[Task item] Go line by line through the records below. Copy whichever lines contain the string "diagram".

[Listed entries]
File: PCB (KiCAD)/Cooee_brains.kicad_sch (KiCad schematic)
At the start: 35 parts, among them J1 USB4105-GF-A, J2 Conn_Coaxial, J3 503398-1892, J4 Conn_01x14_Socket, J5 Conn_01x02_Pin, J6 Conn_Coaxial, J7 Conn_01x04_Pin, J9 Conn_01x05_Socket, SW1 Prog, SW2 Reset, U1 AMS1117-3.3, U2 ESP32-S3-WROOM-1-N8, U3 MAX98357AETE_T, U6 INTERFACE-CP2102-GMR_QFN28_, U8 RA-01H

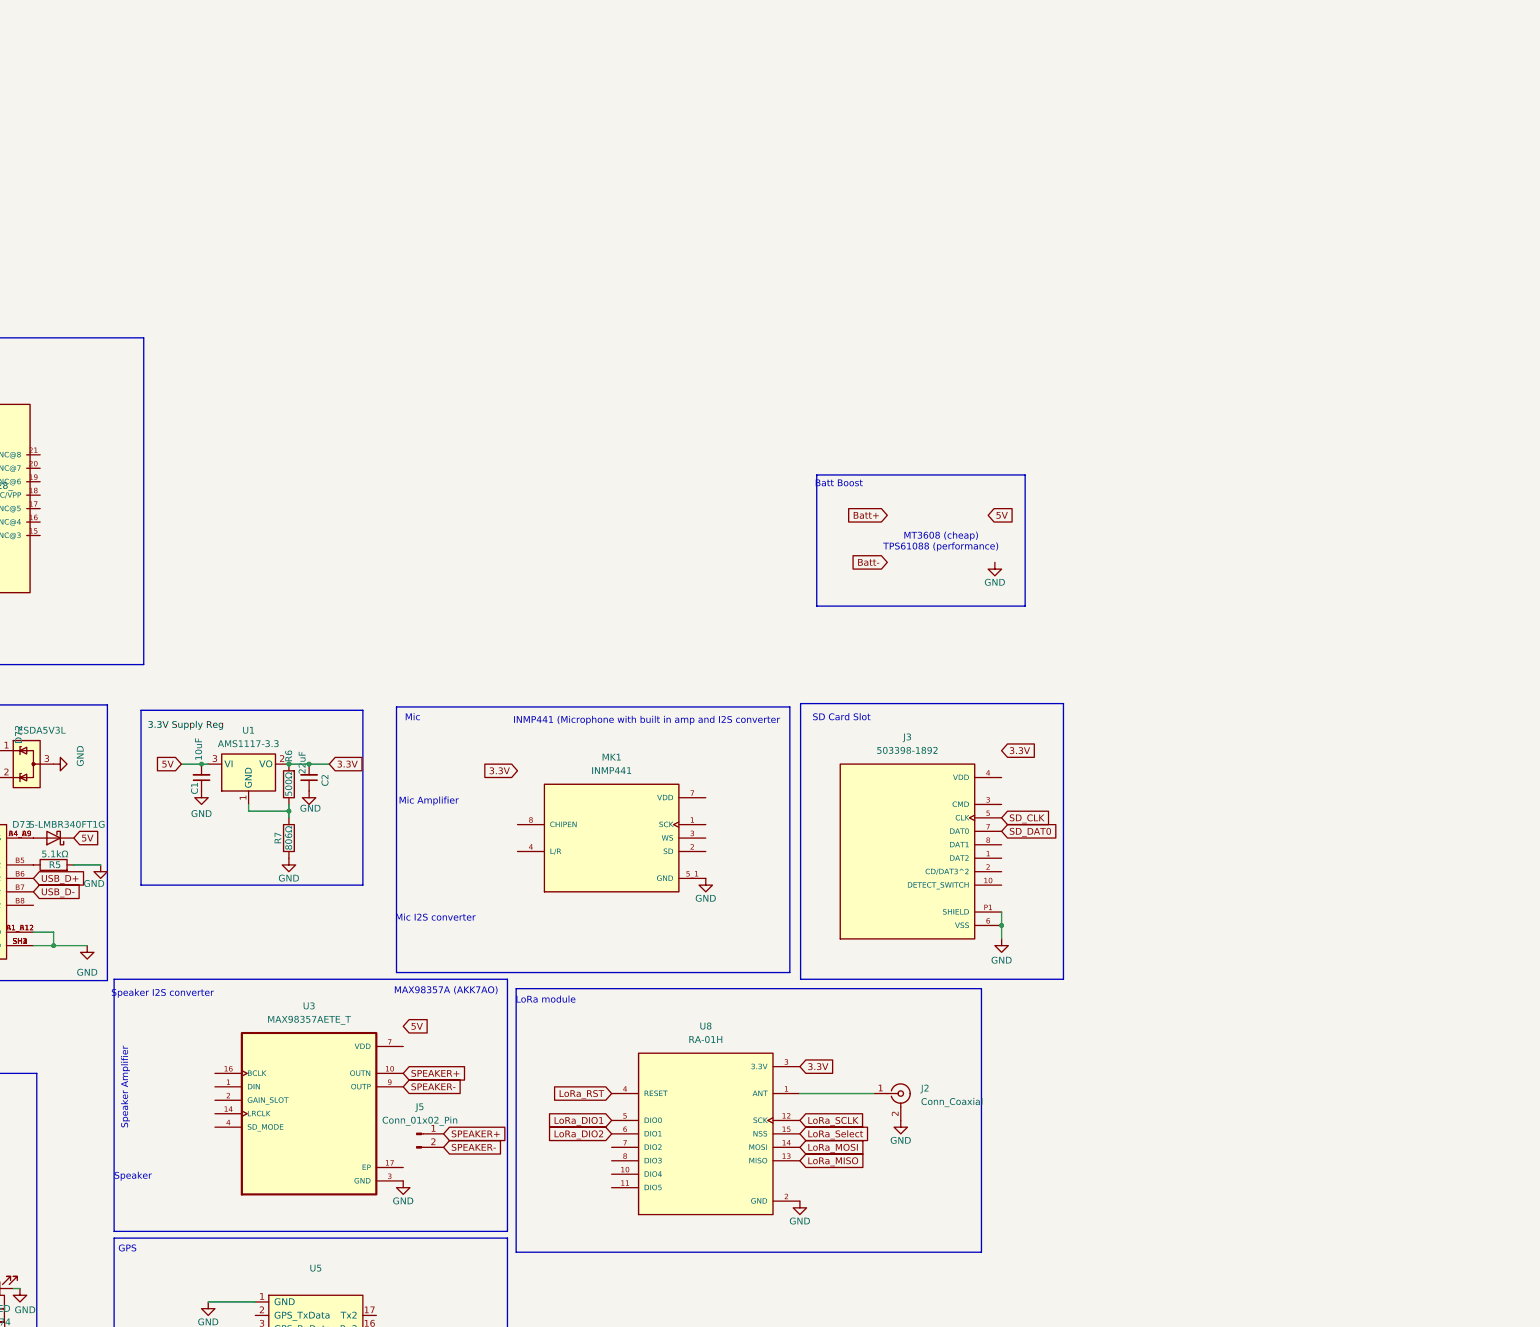
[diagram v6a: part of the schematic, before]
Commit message: finalized next prototype of keyboard PCB, ready to order
finalized next prototype of keyboard PCB, ready to order
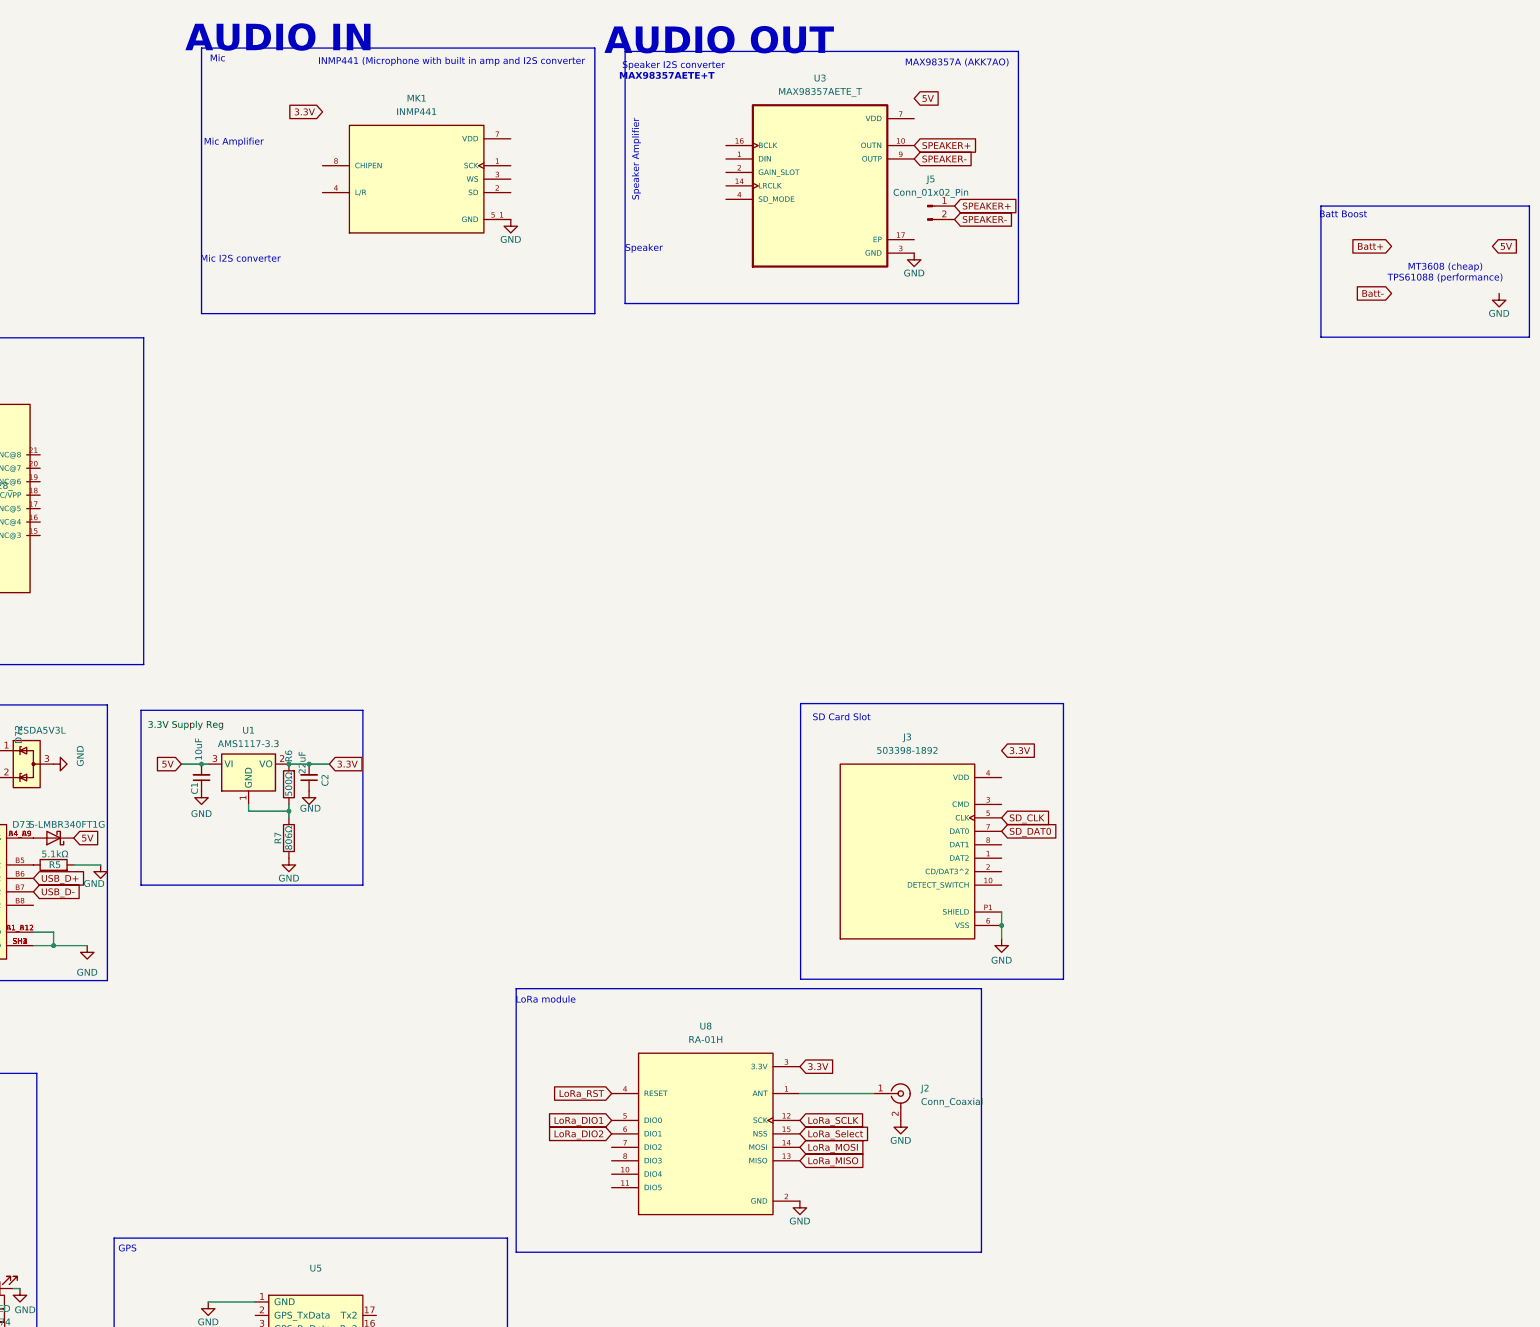
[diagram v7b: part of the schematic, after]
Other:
- note added: "AUDIO IN"
- note added: "AUDIO OUT"
- note added: "MAX98357AETE+T"
- moved on the sheet: J5, MK1, U3

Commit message: pcb layout work on phone motherboard
pcb layout work on phone motherboard
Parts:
- added Keyboard1: Keyboard, TestPoint:TestPoint_Pad_1.0x1.0mm, symbol Connector:TestPoint
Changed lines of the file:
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@@
+	)
+	(symbol
+		(lib_id "Connector:TestPoint")
+		(at -13.97 -49.53 0)
+		(unit 1)
+		(exclude_from_sim no)
+		(in_bom yes)
+		(on_board yes)
+		(dnp no)
+		(fields_autoplaced yes)
+		(property "Reference" "Keyboard1"
+			(at -10.16 -54.1021 0)
+			(effects
+				(font
+					(size 1.27 1.27)
+				)
+				(justify left)
+			)
+		)
+		(property "Value" "Keyboard"
+			(at -10.16 -51.5621 0)
+			(effects
+				(font
+					(size 1.27 1.27)
+				)
+				(justify left)
+			)
+		)
+		(property "Footprint" "TestPoint:TestPoint_Pad_1.0x1.0mm"
+			(at -8.89 -49.53 0)
+			(effects
+				(font
+					(size 1.27 1.27)
+				)
+				(hide yes)
+			)
+		)
+		(property "Datasheet" "~"
+			(at -8.89 -49.53 0)
+			(effects
+				(font
+					(size 1.27 1.27)
+				)
+				(hide yes)
+			)
+		)
+		(property "Description" "test point"
+			(at -13.97 -49.53 0)
+			(effects
+				(font
+					(size 1.27 1.27)
+				)
+				(hide yes)
+			)
+		)
+		(pin "1"
+		)
+		(instances
+			(project ""
+				(path "/38f2fbf3-bfbd-4714-9298-32093c806bb8"
+					(reference "Keyboard1")
+					(unit 1)
+				)
+			)
+		)
 	)
 	(symbol

[Exercise output]
[diagram v6a: part of the schematic, before]
[diagram v7b: part of the schematic, after]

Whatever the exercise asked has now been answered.